El año pasado por ahora vi a Keith Jarrett desde la distancia telescópica del gallinero de Carnegie Hall. Esta noche he vuelto a verlo desde la tercera fila del patio de butacas, tan cerca que distinguía cada uno de los gestos que le contraen la cara y escuchaba ese canturreo que hace a veces mientras está tocando. Me ha invitado mi amigo Roberto, un gallego aficionado a la literatura y a la música que llegó ilegal a Nueva York hace treinta años y ahora tiene una empresa mediana de construcción y de reformas de viviendas. Y a través de Roberto he conocido a Giuseppe y a un grupo extravagante de devotos de Jarrett que se pasan la vida viajando a los lugares del mundo donde da conciertos. Ya tienen entradas para el próximo, que al parecer es en Tokio.
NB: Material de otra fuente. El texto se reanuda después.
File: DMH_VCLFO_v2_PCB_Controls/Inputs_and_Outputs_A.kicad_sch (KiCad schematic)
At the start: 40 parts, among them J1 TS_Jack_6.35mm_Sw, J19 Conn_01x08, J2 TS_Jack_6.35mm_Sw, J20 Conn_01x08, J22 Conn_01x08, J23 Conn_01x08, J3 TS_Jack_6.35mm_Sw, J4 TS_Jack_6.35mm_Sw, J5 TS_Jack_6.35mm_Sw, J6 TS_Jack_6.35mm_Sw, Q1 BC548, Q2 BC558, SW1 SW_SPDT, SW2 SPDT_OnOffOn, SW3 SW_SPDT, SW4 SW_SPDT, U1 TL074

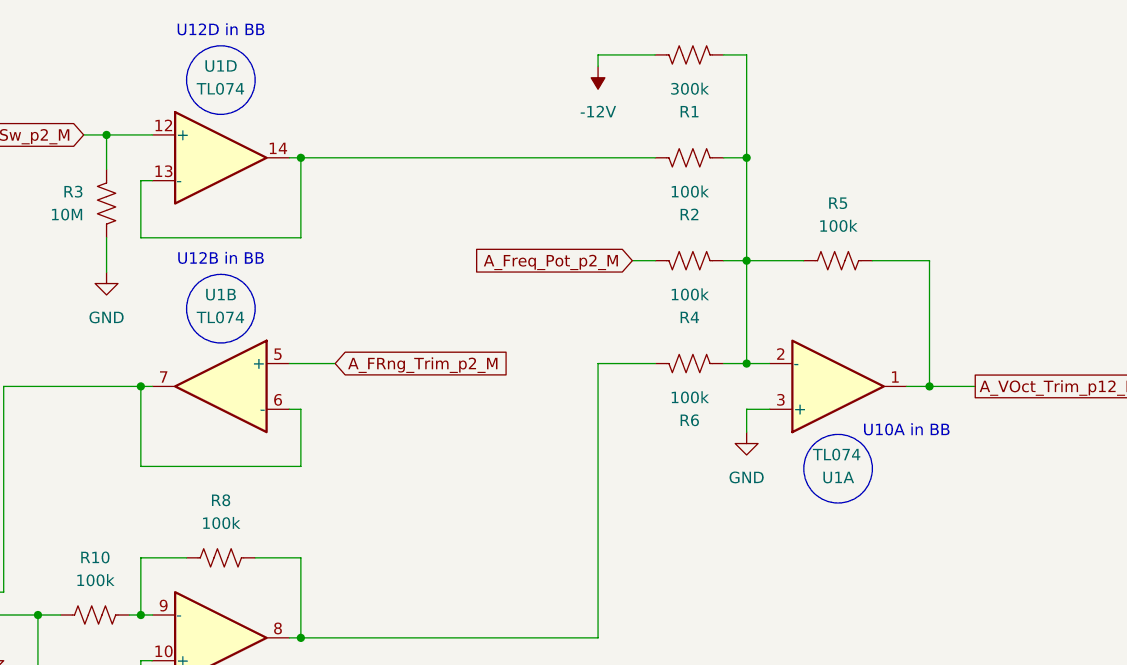
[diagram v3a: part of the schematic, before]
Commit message: Added project with Single VCLFO schematic
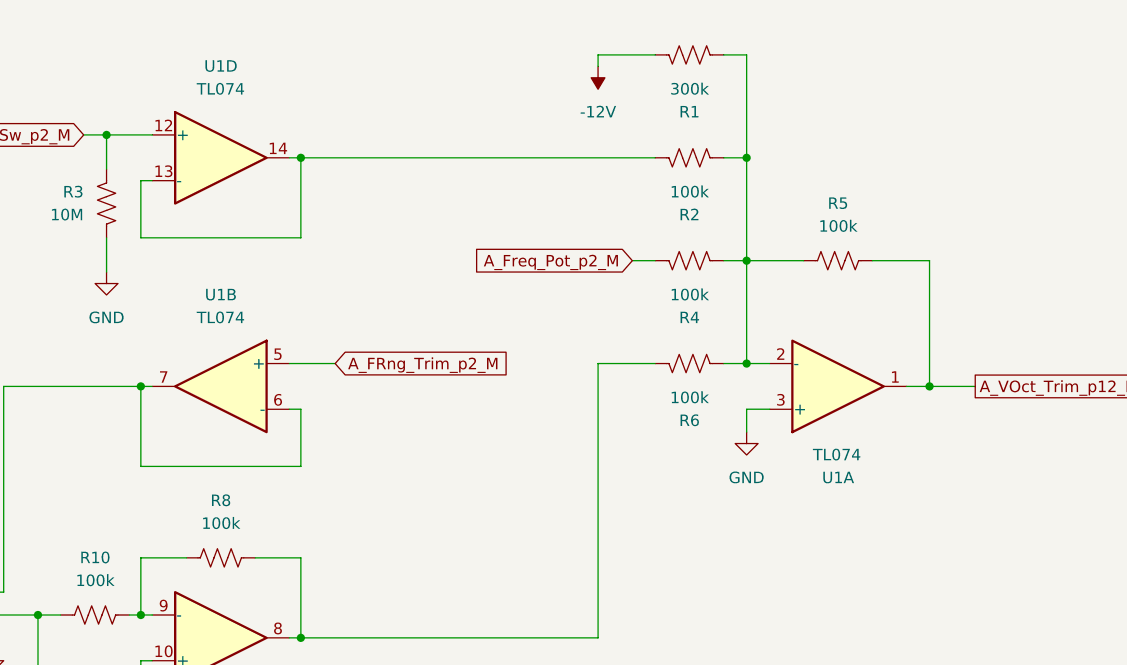
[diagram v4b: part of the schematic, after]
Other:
- note removed: "U10A in BB"
- note removed: "U12B in BB"
- note removed: "U12D in BB"
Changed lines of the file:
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@@
 		(comment 1 "PCB for 10cm Kosmo format synthesizer module")
-	)
-	(circle
-		(center 236.22 66.294)
-		(radius 3.81)
-		(stroke
-			(width 0)
-			(type default)
-		)
-		(fill
-			(type none)
-		)
-	)
-	(circle
-		(center 167.64 48.514)
-		(radius 3.81)
-		(stroke
-			(width 0)
-			(type default)
-		)
-		(fill
-			(type none)
-		)
-	)
-	(circle
-		(center 167.64 23.114)
-		(radius 3.81)
-		(stroke
-			(width 0)
-			(type default)
-		)
-		(fill
-			(type none)
-		)
-	)
-	(text "U12B in BB"
-		(exclude_from_sim no)
-		(at 167.64 43.18 0)
-		(effects
-			(font
-				(size 1.27 1.27)
-			)
-		)
-	)
-	(text "U10A in BB"
-		(exclude_from_sim no)
-		(at 243.84 62.23 0)
-		(effects
-			(font
-				(size 1.27 1.27)
-			)
-		)
-	)
-	(text "U12D in BB"
-		(exclude_from_sim no)
-		(at 167.64 17.78 0)
-		(effects
-			(font
-				(size 1.27 1.27)
-			)
-		)
 	)
 	(junction

Entre pieza y pieza algunas veces Keith Jarrett se levanta y le habla al público desde un micrófono que hay al otro lado del escenario. Va con la cabeza baja y las manos en los bolsillos, como no sabiendo bien qué hacer con ellas, como cuando un cámara de televisión le dice a uno que vaya con naturalidad de un lado a otro. Tiene el sentido chocante del humor que es peculiar en algunos tímidos. Hoy dice que no puede explicarse cómo ha elegido los pantalones que lleva: unos pantalones de pinza, abolsados, como de los años 80. Dice que eso le pasa por meter la mano en el armario y ponerse lo primero que sale.
Dice también que la primera nota siempre es la más difícil. Empieza y da la impresión de que busca en ese sonido un indicio para saber hacia dónde irá la improvisación. Y siempre termina de una manera inesperada, como a mitad de una frase, como burlando cualquier expectativa de un desenlace obvio. Hace una música tan sintética que más de dos horas parecen haber durado unos pocos minutos.